Although many influenza patients may not present with specific signs and symptoms of illness, the acute onset of respiratory illness is typical for influenza. This includes coughing, fever and headache [31]. Although the triad of headache, coughing, and pharyngitis has been found to constitute the major predictors of influenza disease [32], our study found headache as the most important predictor of influenza infection during the outbreaks, as those who presented with headache were five times more susceptible to influenza A infection. This contrasts the findings of Monto et al, (2000) who found fever and coughing to be the most important predictors of influenza disease [33].
Our data comes with some limitations. Key limitation is the lack of data for some of the cases who were recruited. This affects the sample size and statistical power of the study and consequently does not allow for generalisation of findings. Also, information provided by this study does not depict possible seasonal variability as data was only taken during outbreaks and not a year-round surveillance.

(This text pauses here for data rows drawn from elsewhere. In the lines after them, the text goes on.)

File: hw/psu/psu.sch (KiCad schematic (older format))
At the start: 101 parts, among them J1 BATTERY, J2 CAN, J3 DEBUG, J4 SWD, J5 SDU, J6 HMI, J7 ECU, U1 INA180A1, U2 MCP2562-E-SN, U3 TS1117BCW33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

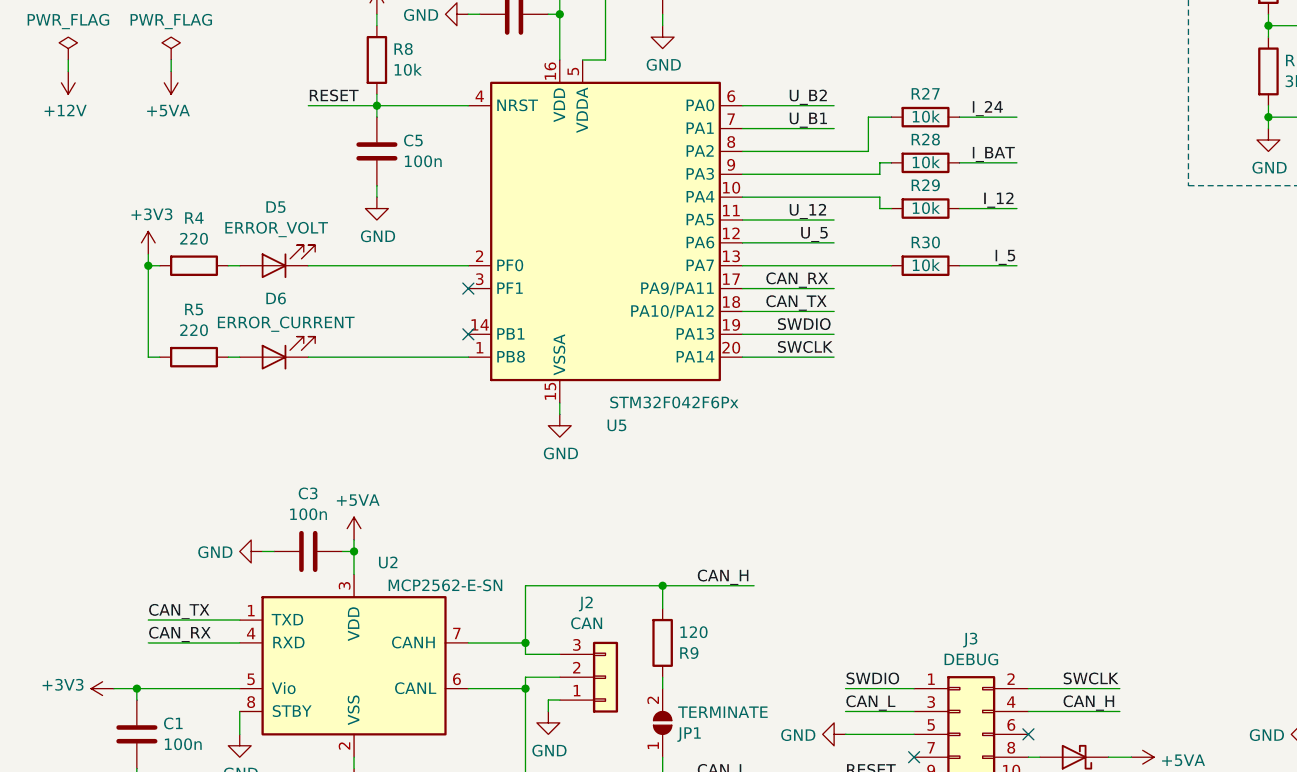
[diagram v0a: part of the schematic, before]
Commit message: Added crystal for all can equipped boards
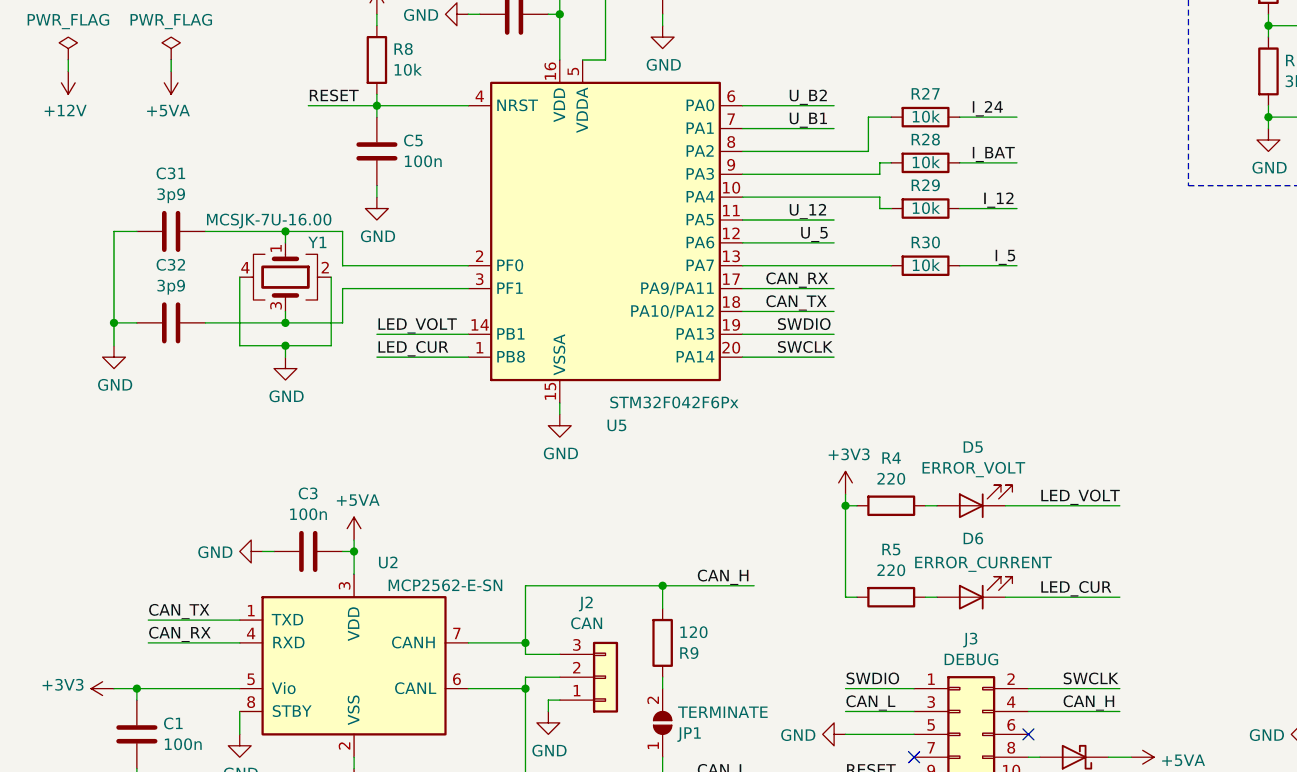
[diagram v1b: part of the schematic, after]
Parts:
- added C31, C32: 3p9, Capacitor_SMD:C_0805_2012Metric, symbol Device:C
- added Y1: MCSJK-7U-16.00, Crystal:Crystal_SMD_3225-4Pin_3.2x2.5mm, symbol Device:Crystal_GND24
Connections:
- net labels added: LED_CUR, LED_VOLT
- wire segments 388 -> 409
- no-connect marks 7 -> 5
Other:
- moved on the sheet: D5, D6, R4, R5
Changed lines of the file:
@@
 Sheet 1 1
 Title "BUT Pneumobil - PSU"
-Date ""
-Rev "0.1"
+Date "2019-03-10"
+Rev "0.2"
 Comp "Brno University of Technology"
 Comment1 "Jakub Kaderka"
@@
 L Device:LED D5
 U 1 1 5C52E5B9
-P 1600 5300
-F 0 "D5" H 1592 5045 50  0000 C CNN
-F 1 "ERROR_VOLT" H 1592 5136 50  0000 C CNN
-F 2 "LED_SMD:LED_1206_3216Metric" H 1600 5300 50  0001 C CNN
-F 3 "~" H 1600 5300 50  0001 C CNN
-	1    1600 5300
+P 4650 6350
+F 0 "D5" H 4642 6095 50  0000 C CNN
+F 1 "ERROR_VOLT" H 4642 6186 50  0000 C CNN
+F 2 "LED_SMD:LED_1206_3216Metric" H 4650 6350 50  0001 C CNN
+F 3 "~" H 4650 6350 50  0001 C CNN
+	1    4650 6350
 	-1   0    0    1
 $EndComp
@@
 L Device:LED D6
 U 1 1 5C52E826
-P 1600 5700
-F 0 "D6" H 1592 5445 50  0000 C CNN
-F 1 "ERROR_CURRENT" H 1550 5550 50  0000 C CNN
-F 2 "LED_SMD:LED_1206_3216Metric" H 1600 5700 50  0001 C CNN
-F 3 "~" H 1600 5700 50  0001 C CNN
-	1    1600 5700
+P 4650 6750
+F 0 "D6" H 4642 6495 50  0000 C CNN
+F 1 "ERROR_CURRENT" H 4600 6600 50  0000 C CNN
+F 2 "LED_SMD:LED_1206_3216Metric" H 4650 6750 50  0001 C CNN
+F 3 "~" H 4650 6750 50  0001 C CNN
+	1    4650 6750
 	-1   0    0    1
 $EndComp
@@
 L Device:R R4
 U 1 1 5CABE61E
-P 1250 5300
-F 0 "R4" V 1043 5300 50  0000 C CNN
-F 1 "220" V 1134 5300 50  0000 C CNN
-F 2 "Resistor_SMD:R_0805_2012Metric" V 1180 5300 50  0001 C CNN
-F 3 "~" H 1250 5300 50  0001 C CNN
-	1    1250 5300
-	0    1    1    0
-$EndComp
-Wire Wire Line
-	1400 5300 1450 5300
+P 4300 6350
+F 0 "R4" V 4093 6350 50  0000 C CNN
+F 1 "220" V 4184 6350 50  0000 C CNN
+F 2 "Resistor_SMD:R_0805_2012Metric" V 4230 6350 50  0001 C CNN
+F 3 "~" H 4300 6350 50  0001 C CNN
+	1    4300 6350
+	0    1    1    0
+$EndComp
+Wire Wire Line
+	4450 6350 4500 6350
 $Comp
 L Device:R R5
 U 1 1 5CAD67F2
-P 1250 5700
-F 0 "R5" V 1043 5700 50  0000 C CNN
-F 1 "220" V 1134 5700 50  0000 C CNN
-F 2 "Resistor_SMD:R_0805_2012Metric" V 1180 5700 50  0001 C CNN
-F 3 "~" H 1250 5700 50  0001 C CNN
-	1    1250 5700
-	0    1    1    0
-$EndComp
-Wire Wire Line
-	1400 5700 1450 5700
-Wire Wire Line
-	1100 5700 1050 5700
-Wire Wire Line
-	1050 5700 1050 5300
-Wire Wire Line
-	1100 5300 1050 5300
-Connection ~ 1050 5300
-Wire Wire Line
-	1050 5300 1050 5250
+P 4300 6750
+F 0 "R5" V 4093 6750 50  0000 C CNN
+F 1 "220" V 4184 6750 50  0000 C CNN
+F 2 "Resistor_SMD:R_0805_2012Metric" V 4230 6750 50  0001 C CNN
+F 3 "~" H 4300 6750 50  0001 C CNN
+	1    4300 6750
+	0    1    1    0
+$EndComp
+Wire Wire Line
+	4450 6750 4500 6750
+Wire Wire Line
+	4150 6750 4100 6750
+Wire Wire Line
+	4100 6750 4100 6350
+Wire Wire Line
+	4150 6350 4100 6350
+Connection ~ 4100 6350
+Wire Wire Line
+	4100 6350 4100 6300
 $Comp
 L power:+3V3 #PWR08
 U 1 1 5CB50E5E
-P 1050 5250
-F 0 "#PWR08" H 1050 5100 50  0001 C CNN
-F 1 "+3V3" H 1065 5423 50  0000 C CNN
-F 2 "" H 1050 5250 50  0001 C CNN
-F 3 "" H 1050 5250 50  0001 C CNN
-	1    1050 5250
+P 4100 6300
+F 0 "#PWR08" H 4100 6150 50  0001 C CNN
+F 1 "+3V3" H 4115 6473 50  0000 C CNN
+F 2 "" H 4100 6300 50  0001 C CNN
+F 3 "" H 4100 6300 50  0001 C CNN
+	1    4100 6300
 	1    0    0    -1
 $EndComp
@@
 $EndComp
 Wire Wire Line
-	1750 5700 2450 5700
-Wire Wire Line
-	1750 5300 2450 5300
+	4800 6750 5300 6750
 $Comp
 L Device:D D7
@@
 Wire Wire Line
 	9600 6100 9950 6100
-NoConn ~ 2450 5400
 Wire Wire Line
 	3500 1700 3500 1800
@@
 Wire Wire Line
 	2850 4200 2850 4400
-NoConn ~ 2450 5600
 $Comp
 L Device:R R27
@@
 Wire Wire Line
 	4300 5300 3650 5300
+Wire Wire Line
+	4800 6350 5300 6350
+$Comp
+L Device:Crystal_GND24 Y1
+U 1 1 5C90194C
+P 1650 5350
+F 0 "Y1" V 1500 5450 50  0000 L CNN
+F 1 "MCSJK-7U-16.00" V 1400 5000 50  0000 L CNN
+F 2 "Crystal:Crystal_SMD_3225-4Pin_3.2x2.5mm" H 1650 5350 50  0001 C CNN
+F 3 "~" H 1650 5350 50  0001 C CNN
+	1    1650 5350
+	0    1    1    0
+$EndComp
+Wire Wire Line
+	1850 5350 1850 5650
+Wire Wire Line
+	1850 5650 1650 5650
+Wire Wire Line
+	1450 5650 1450 5350
+$Comp
+L power:GND #PWR065
+U 1 1 5CA63F51
+P 1650 5700
+F 0 "#PWR065" H 1650 5450 50  0001 C CNN
+F 1 "GND" H 1655 5527 50  0000 C CNN
+F 2 "" H 1650 5700 50  0001 C CNN
+F 3 "" H 1650 5700 50  0001 C CNN
+	1    1650 5700
+	1    0    0    -1
+$EndComp
+Wire Wire Line
+	1650 5700 1650 5650
+Connection ~ 1650 5650
+Wire Wire Line
+	1650 5650 1450 5650
+Wire Wire Line
+	2450 5300 1900 5300
+Wire Wire Line
+	1900 5300 1900 5150
+Wire Wire Line
+	1900 5150 1650 5150
+Wire Wire Line
+	1650 5150 1650 5200
+Wire Wire Line
+	2450 5400 1900 5400
+Wire Wire Line
+	1900 5400 1900 5550
+Wire Wire Line
+	1900 5550 1650 5550
+Wire Wire Line
+	1650 5550 1650 5500
+$Comp
+L Device:C C31
+U 1 1 5CB44DD2
+P 1150 5150
+F 0 "C31" V 898 5150 50  0000 C CNN
+F 1 "3p9" V 989 5150 50  0000 C CNN
+F 2 "Capacitor_SMD:C_0805_2012Metric" H 1188 5000 50  0001 C CNN
+F 3 "~" H 1150 5150 50  0001 C CNN
+	1    1150 5150
+	0    1    1    0
+$EndComp
+$Comp
+L Device:C C32
+U 1 1 5CB450ED
+P 1150 5550
+F 0 "C32" V 898 5550 50  0000 C CNN
+F 1 "3p9" V 989 5550 50  0000 C CNN
+F 2 "Capacitor_SMD:C_0805_2012Metric" H 1188 5400 50  0001 C CNN
+F 3 "~" H 1150 5550 50  0001 C CNN
+	1    1150 5550
+	0    1    1    0
+$EndComp
+Wire Wire Line
+	1650 5150 1300 5150
+Connection ~ 1650 5150
+Wire Wire Line
+	1650 5550 1300 5550
+Connection ~ 1650 5550
+$Comp
+L power:GND #PWR064
+U 1 1 5CBA1477
+P 900 5650
+F 0 "#PWR064" H 900 5400 50  0001 C CNN
+F 1 "GND" H 905 5477 50  0000 C CNN
+F 2 "" H 900 5650 50  0001 C CNN
+F 3 "" H 900 5650 50  0001 C CNN
+	1    900  5650
+	1    0    0    -1
+$EndComp
+Wire Wire Line
+	900  5650 900  5550
+Wire Wire Line
+	900  5150 1000 5150
+Wire Wire Line
+	1000 5550 900  5550
+Connection ~ 900  5550
+Wire Wire Line
+	900  5550 900  5150
+Wire Wire Line
+	2450 5600 2050 5600
+Text Label 2050 5600 0    50   ~ 0
+LED_VOLT
+Wire Wire Line
+	2450 5700 2050 5700
+Text Label 2050 5700 0    50   ~ 0
+LED_CUR
+Text Label 4950 6350 0    50   ~ 0
+LED_VOLT
+Text Label 4950 6750 0    50   ~ 0
+LED_CUR
 $EndSCHEMATC

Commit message: Fixed values of few components on psu board
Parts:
- C16, C17: value 100n -> 10n
- C19, C20: value 82p -> C
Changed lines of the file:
@@
 P 6350 850
 F 0 "C16" V 6098 850 50  0000 C CNN
-F 1 "100n" V 6189 850 50  0000 C CNN
+F 1 "10n" V 6189 850 50  0000 C CNN
 F 2 "Capacitor_SMD:C_0805_2012Metric" H 6388 700 50  0001 C CNN
 F 3 "~" H 6350 850 50  0001 C CNN
@@
 P 7700 1250
 F 0 "C19" H 7815 1296 50  0000 L CNN
-F 1 "82p" H 7815 1205 50  0000 L CNN
+F 1 "C" H 7815 1205 50  0000 L CNN
 F 2 "Capacitor_SMD:C_0805_2012Metric" H 7738 1100 50  0001 C CNN
 F 3 "~" H 7700 1250 50  0001 C CNN
@@
 P 6350 2300
 F 0 "C17" V 6098 2300 50  0000 C CNN
-F 1 "100n" V 6189 2300 50  0000 C CNN
+F 1 "10n" V 6189 2300 50  0000 C CNN
 F 2 "Capacitor_SMD:C_0805_2012Metric" H 6388 2150 50  0001 C CNN
 F 3 "~" H 6350 2300 50  0001 C CNN
@@
 P 7700 2700
 F 0 "C20" H 7815 2746 50  0000 L CNN
-F 1 "82p" H 7815 2655 50  0000 L CNN
+F 1 "C" H 7815 2655 50  0000 L CNN
 F 2 "Capacitor_SMD:C_0805_2012Metric" H 7738 2550 50  0001 C CNN
 F 3 "~" H 7700 2700 50  0001 C CNN

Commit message: Fixed diode polarity
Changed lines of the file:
@@
 F 3 "~" H 2700 2500 50  0001 C CNN
 	1    2700 2500
-	-1   0    0    1
+	1    0    0    -1
 $EndComp
 Wire Wire Line

In conclusion, our study provides epidemiological information to better understand the incidence and burden of influenza to allow for prioritisation of prevention and control strategies. Information on the current circulating strains would aid in controlling and preparing for the next influenza epidemic and this requires information on the seasonality of influenza, which is sorely lacking. The recent influenza outbreak experience is necessary to develop the next generation of strategic, operational, and tactical plans for any anticipated or unplanned outbreaks.